START Input for this task

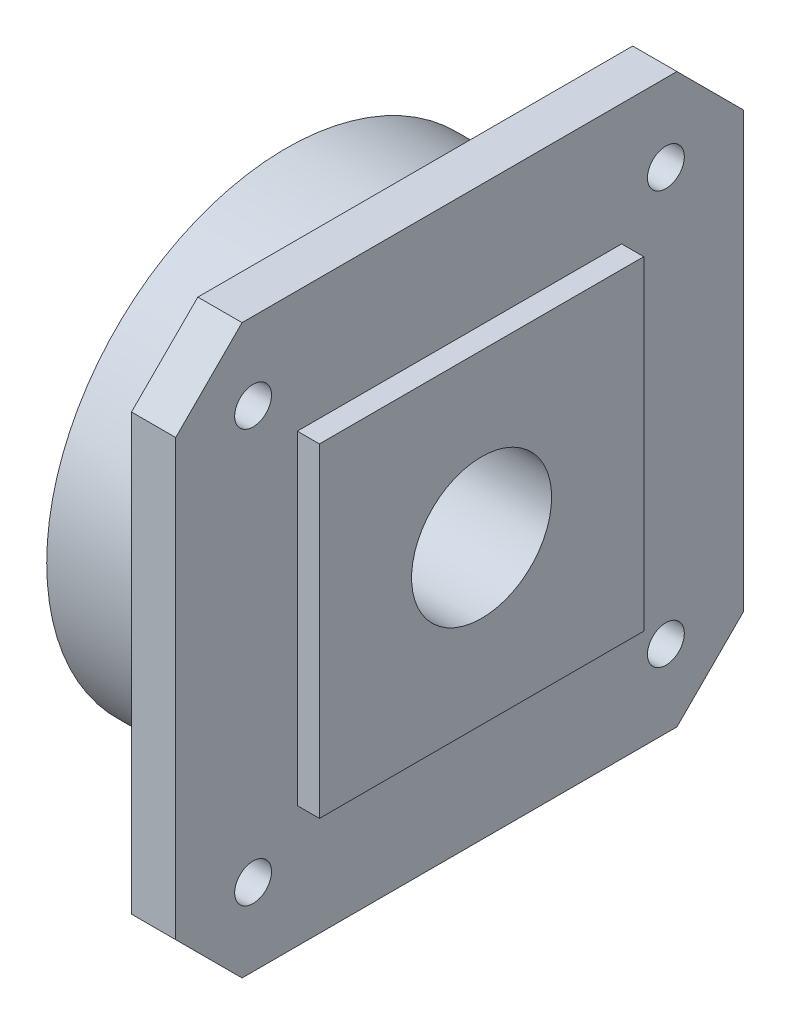
ISO-10303-21;
HEADER;
FILE_DESCRIPTION(('STEP AP214'),'2;1');
FILE_NAME('part.step','',(''),(''),'','','');
FILE_SCHEMA(('AUTOMOTIVE_DESIGN { 1 0 10303 214 1 1 1 1 }'));
ENDSEC;
DATA;
#1=APPLICATION_CONTEXT('core data for automotive mechanical design processes');
#2=APPLICATION_PROTOCOL_DEFINITION('international standard','automotive_design',2000,#1);
#3=PRODUCT_CONTEXT('',#1,'mechanical');
#4=PRODUCT('Part','Part','',(#3));
#5=PRODUCT_RELATED_PRODUCT_CATEGORY('part','',(#4));
#6=PRODUCT_DEFINITION_FORMATION('','',#4);
#7=PRODUCT_DEFINITION_CONTEXT('part definition',#1,'design');
#8=PRODUCT_DEFINITION('design','',#6,#7);
#9=PRODUCT_DEFINITION_SHAPE('','',#8);
#10=(LENGTH_UNIT() NAMED_UNIT(*) SI_UNIT(.MILLI.,.METRE.));
#11=(NAMED_UNIT(*) PLANE_ANGLE_UNIT() SI_UNIT($,.RADIAN.));
#12=(NAMED_UNIT(*) SI_UNIT($,.STERADIAN.) SOLID_ANGLE_UNIT());
#13=UNCERTAINTY_MEASURE_WITH_UNIT(LENGTH_MEASURE(1.E-05),#10,'distance_accuracy_value','');
#14=(GEOMETRIC_REPRESENTATION_CONTEXT(3) GLOBAL_UNCERTAINTY_ASSIGNED_CONTEXT((#13)) GLOBAL_UNIT_ASSIGNED_CONTEXT((#10,
#11,#12)) REPRESENTATION_CONTEXT('',''));
#15=CARTESIAN_POINT('',(0.,0.,0.));
#16=DIRECTION('',(0.,0.,1.));
#17=DIRECTION('',(1.,0.,0.));
#18=AXIS2_PLACEMENT_3D('',#15,#16,#17);
#19=CARTESIAN_POINT('',(-5.5,38.5,-38.5));
#20=DIRECTION('',(-1.,0.,0.));
#21=DIRECTION('',(0.,0.,1.));
#22=AXIS2_PLACEMENT_3D('',#19,#20,#21);
#23=PLANE('',#22);
#24=CARTESIAN_POINT('',(-5.5,38.5,-38.5));
#25=DIRECTION('',(-1.,0.,0.));
#26=DIRECTION('',(0.,0.,1.));
#27=AXIS2_PLACEMENT_3D('',#24,#25,#26);
#28=CIRCLE('',#27,9.5);
#29=CARTESIAN_POINT('',(-5.5,38.5,-29.));
#30=VERTEX_POINT('',#29);
#31=EDGE_CURVE('E36',#30,#30,#28,.F.);
#32=ORIENTED_EDGE('',*,*,#31,.T.);
#33=EDGE_LOOP('',(#32));
#34=FACE_BOUND('',#33,.T.);
#35=CARTESIAN_POINT('',(-5.5,38.5,-38.5));
#36=DIRECTION('',(1.,0.,0.));
#37=DIRECTION('',(0.,0.,-1.));
#38=AXIS2_PLACEMENT_3D('',#35,#36,#37);
#39=CIRCLE('',#38,18.);
#40=CARTESIAN_POINT('',(-5.5,38.5,-56.5));
#41=VERTEX_POINT('',#40);
#42=EDGE_CURVE('E487',#41,#41,#39,.T.);
#43=ORIENTED_EDGE('',*,*,#42,.F.);
#44=EDGE_LOOP('',(#43));
#45=FACE_BOUND('',#44,.T.);
#46=ADVANCED_FACE('F32',(#34,#45),#23,.T.);
#47=CARTESIAN_POINT('',(-17.5,38.5,-38.5));
#48=DIRECTION('',(1.,0.,0.));
#49=DIRECTION('',(0.,0.,-1.));
#50=AXIS2_PLACEMENT_3D('',#47,#48,#49);
#51=CYLINDRICAL_SURFACE('',#50,9.5);
#52=CARTESIAN_POINT('',(9.,38.5,-38.5));
#53=DIRECTION('',(1.,0.,0.));
#54=DIRECTION('',(0.,0.,-1.));
#55=AXIS2_PLACEMENT_3D('',#52,#53,#54);
#56=CIRCLE('',#55,9.5);
#57=CARTESIAN_POINT('',(9.,38.5,-48.));
#58=VERTEX_POINT('',#57);
#59=EDGE_CURVE('E493',#58,#58,#56,.T.);
#60=ORIENTED_EDGE('',*,*,#59,.T.);
#61=EDGE_LOOP('',(#60));
#62=FACE_BOUND('',#61,.T.);
#63=ORIENTED_EDGE('',*,*,#31,.F.);
#64=EDGE_LOOP('',(#63));
#65=FACE_BOUND('',#64,.T.);
#66=ADVANCED_FACE('F252',(#62,#65),#51,.F.);
#67=CARTESIAN_POINT('',(0.,77.,0.));
#68=DIRECTION('',(-1.,0.,0.));
#69=DIRECTION('',(0.,0.,1.));
#70=AXIS2_PLACEMENT_3D('',#67,#68,#69);
#71=PLANE('',#70);
#72=CARTESIAN_POINT('',(0.,10.5,-66.5));
#73=DIRECTION('',(-1.,0.,0.));
#74=DIRECTION('',(0.,0.,1.));
#75=AXIS2_PLACEMENT_3D('',#72,#73,#74);
#76=CIRCLE('',#75,2.5);
#77=CARTESIAN_POINT('',(0.,10.5,-64.));
#78=VERTEX_POINT('',#77);
#79=EDGE_CURVE('E462',#78,#78,#76,.T.);
#80=ORIENTED_EDGE('',*,*,#79,.F.);
#81=EDGE_LOOP('',(#80));
#82=FACE_BOUND('',#81,.T.);
#83=CARTESIAN_POINT('',(0.,10.5,-10.5));
#84=DIRECTION('',(-1.,0.,0.));
#85=DIRECTION('',(0.,0.,1.));
#86=AXIS2_PLACEMENT_3D('',#83,#84,#85);
#87=CIRCLE('',#86,2.5);
#88=CARTESIAN_POINT('',(0.,10.5,-8.));
#89=VERTEX_POINT('',#88);
#90=EDGE_CURVE('E472',#89,#89,#87,.T.);
#91=ORIENTED_EDGE('',*,*,#90,.F.);
#92=EDGE_LOOP('',(#91));
#93=FACE_BOUND('',#92,.T.);
#94=CARTESIAN_POINT('',(0.,66.5,-66.5));
#95=DIRECTION('',(-1.,0.,0.));
#96=DIRECTION('',(0.,0.,1.));
#97=AXIS2_PLACEMENT_3D('',#94,#95,#96);
#98=CIRCLE('',#97,2.5);
#99=CARTESIAN_POINT('',(0.,66.5,-64.));
#100=VERTEX_POINT('',#99);
#101=EDGE_CURVE('E478',#100,#100,#98,.T.);
#102=ORIENTED_EDGE('',*,*,#101,.F.);
#103=EDGE_LOOP('',(#102));
#104=FACE_BOUND('',#103,.T.);
#105=CARTESIAN_POINT('',(0.,66.5,-10.5));
#106=DIRECTION('',(-1.,0.,0.));
#107=DIRECTION('',(0.,0.,1.));
#108=AXIS2_PLACEMENT_3D('',#105,#106,#107);
#109=CIRCLE('',#108,2.5);
#110=CARTESIAN_POINT('',(0.,66.5,-8.));
#111=VERTEX_POINT('',#110);
#112=EDGE_CURVE('E484',#111,#111,#109,.T.);
#113=ORIENTED_EDGE('',*,*,#112,.F.);
#114=EDGE_LOOP('',(#113));
#115=FACE_BOUND('',#114,.T.);
#116=DIRECTION('',(0.,-1.,0.));
#117=VECTOR('',#116,1.);
#118=CARTESIAN_POINT('',(0.,9.,0.));
#119=LINE('',#118,#117);
#120=CARTESIAN_POINT('',(0.,68.,0.));
#121=VERTEX_POINT('',#120);
#122=CARTESIAN_POINT('',(0.,9.,0.));
#123=VERTEX_POINT('',#122);
#124=EDGE_CURVE('E143',#121,#123,#119,.T.);
#125=ORIENTED_EDGE('',*,*,#124,.F.);
#126=DIRECTION('',(0.,-0.707106781186547,0.707106781186548));
#127=VECTOR('',#126,1.);
#128=CARTESIAN_POINT('',(0.,68.,0.));
#129=LINE('',#128,#127);
#130=CARTESIAN_POINT('',(0.,77.,-9.));
#131=VERTEX_POINT('',#130);
#132=EDGE_CURVE('E156',#131,#121,#129,.T.);
#133=ORIENTED_EDGE('',*,*,#132,.F.);
#134=DIRECTION('',(0.,0.,1.));
#135=VECTOR('',#134,1.);
#136=CARTESIAN_POINT('',(0.,77.,-9.));
#137=LINE('',#136,#135);
#138=CARTESIAN_POINT('',(0.,77.,-68.));
#139=VERTEX_POINT('',#138);
#140=EDGE_CURVE('E180',#139,#131,#137,.T.);
#141=ORIENTED_EDGE('',*,*,#140,.F.);
#142=DIRECTION('',(0.,0.707106781186548,0.707106781186548));
#143=VECTOR('',#142,1.);
#144=CARTESIAN_POINT('',(0.,77.,-68.));
#145=LINE('',#144,#143);
#146=CARTESIAN_POINT('',(0.,68.,-77.));
#147=VERTEX_POINT('',#146);
#148=EDGE_CURVE('E178',#147,#139,#145,.T.);
#149=ORIENTED_EDGE('',*,*,#148,.F.);
#150=DIRECTION('',(0.,1.,0.));
#151=VECTOR('',#150,1.);
#152=CARTESIAN_POINT('',(0.,9.,-77.));
#153=LINE('',#152,#151);
#154=CARTESIAN_POINT('',(0.,9.,-77.));
#155=VERTEX_POINT('',#154);
#156=EDGE_CURVE('E176',#155,#147,#153,.T.);
#157=ORIENTED_EDGE('',*,*,#156,.F.);
#158=DIRECTION('',(0.,0.707106781186548,-0.707106781186547));
#159=VECTOR('',#158,1.);
#160=CARTESIAN_POINT('',(0.,0.,-68.));
#161=LINE('',#160,#159);
#162=CARTESIAN_POINT('',(0.,0.,-68.));
#163=VERTEX_POINT('',#162);
#164=EDGE_CURVE('E174',#163,#155,#161,.T.);
#165=ORIENTED_EDGE('',*,*,#164,.F.);
#166=DIRECTION('',(0.,0.,-1.));
#167=VECTOR('',#166,1.);
#168=CARTESIAN_POINT('',(0.,0.,-9.));
#169=LINE('',#168,#167);
#170=CARTESIAN_POINT('',(0.,0.,-9.));
#171=VERTEX_POINT('',#170);
#172=EDGE_CURVE('E172',#171,#163,#169,.T.);
#173=ORIENTED_EDGE('',*,*,#172,.F.);
#174=DIRECTION('',(0.,-0.707106781186547,-0.707106781186547));
#175=VECTOR('',#174,1.);
#176=CARTESIAN_POINT('',(0.,9.,0.));
#177=LINE('',#176,#175);
#178=EDGE_CURVE('E146',#123,#171,#177,.T.);
#179=ORIENTED_EDGE('',*,*,#178,.F.);
#180=EDGE_LOOP('',(#125,#133,#141,#149,#157,#165,#173,#179));
#181=FACE_BOUND('',#180,.T.);
#182=CARTESIAN_POINT('',(0.,38.5,-38.5));
#183=DIRECTION('',(-1.,0.,0.));
#184=DIRECTION('',(0.,0.,1.));
#185=AXIS2_PLACEMENT_3D('',#182,#183,#184);
#186=CIRCLE('',#185,32.5);
#187=CARTESIAN_POINT('',(0.,38.5,-6.00000000000001));
#188=VERTEX_POINT('',#187);
#189=EDGE_CURVE('E496',#188,#188,#186,.T.);
#190=ORIENTED_EDGE('',*,*,#189,.F.);
#191=EDGE_LOOP('',(#190));
#192=FACE_BOUND('',#191,.T.);
#193=ADVANCED_FACE('F211',(#82,#93,#104,#115,#181,#192),#71,.T.);
#194=CARTESIAN_POINT('',(6.,77.,0.));
#195=DIRECTION('',(-1.,0.,0.));
#196=DIRECTION('',(0.,0.,1.));
#197=AXIS2_PLACEMENT_3D('',#194,#195,#196);
#198=PLANE('',#197);
#199=CARTESIAN_POINT('',(6.,10.5,-66.5));
#200=DIRECTION('',(1.,0.,0.));
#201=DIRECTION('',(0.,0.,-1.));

END Input for this task

● What the exercise asks
Restate word for word only the lines from where the entries begin through the one with "#5=PRODUCT_RELATED_PRODUCT_CATEGORY('part','',(#4));"; omit the pictures.

● Solution for this task
ISO-10303-21;
HEADER;
FILE_DESCRIPTION(('STEP AP214'),'2;1');
FILE_NAME('part.step','',(''),(''),'','','');
FILE_SCHEMA(('AUTOMOTIVE_DESIGN { 1 0 10303 214 1 1 1 1 }'));
ENDSEC;
DATA;
#1=APPLICATION_CONTEXT('core data for automotive mechanical design processes');
#2=APPLICATION_PROTOCOL_DEFINITION('international standard','automotive_design',2000,#1);
#3=PRODUCT_CONTEXT('',#1,'mechanical');
#4=PRODUCT('Part','Part','',(#3));
#5=PRODUCT_RELATED_PRODUCT_CATEGORY('part','',(#4));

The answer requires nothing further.